> **DESCRIPTION OF THE TASK**:
From the line that includes "# Sketch2 → Extrude2 (add)" to the last line of the data, quote each line precisely; both boundary lines belong in the answer.

Records excerpted from a collection
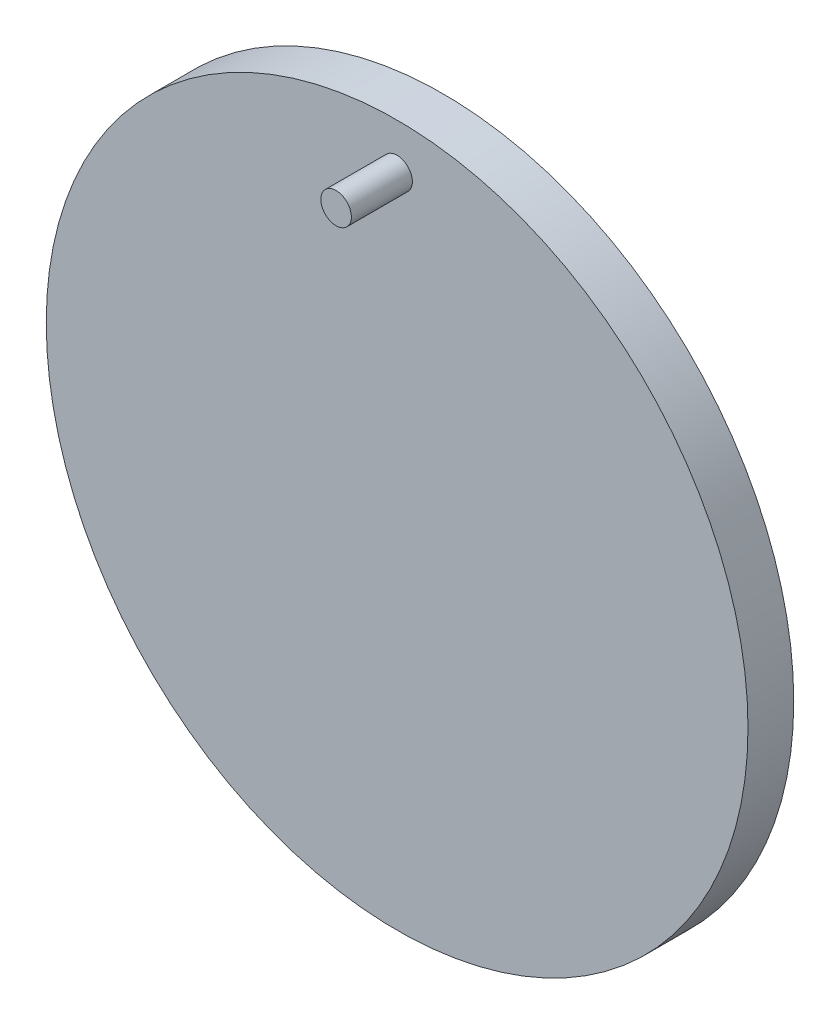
from build123d import *

# Parameters (mm, degrees)
SKETCH1_R      = 115
EXTRUDE1_DEPTH = 15
SKETCH2_R      = 5
EXTRUDE2_DEPTH = 20


with BuildPart() as part:
    # Sketch1 → Extrude1 (new body)
    with BuildSketch(Plane.XY):
        Circle(SKETCH1_R)
    extrude(amount=-EXTRUDE1_DEPTH)

    # Sketch2 → Extrude2 (add)
    with BuildSketch(Plane.XY):
        with Locations((0, 100)):
            Circle(SKETCH2_R)
    extrude(amount=EXTRUDE2_DEPTH)


solid = part.part

> **ANSWER SECTION**:
    # Sketch2 → Extrude2 (add)
    with BuildSketch(Plane.XY):
        with Locations((0, 100)):
            Circle(SKETCH2_R)
    extrude(amount=EXTRUDE2_DEPTH)


solid = part.part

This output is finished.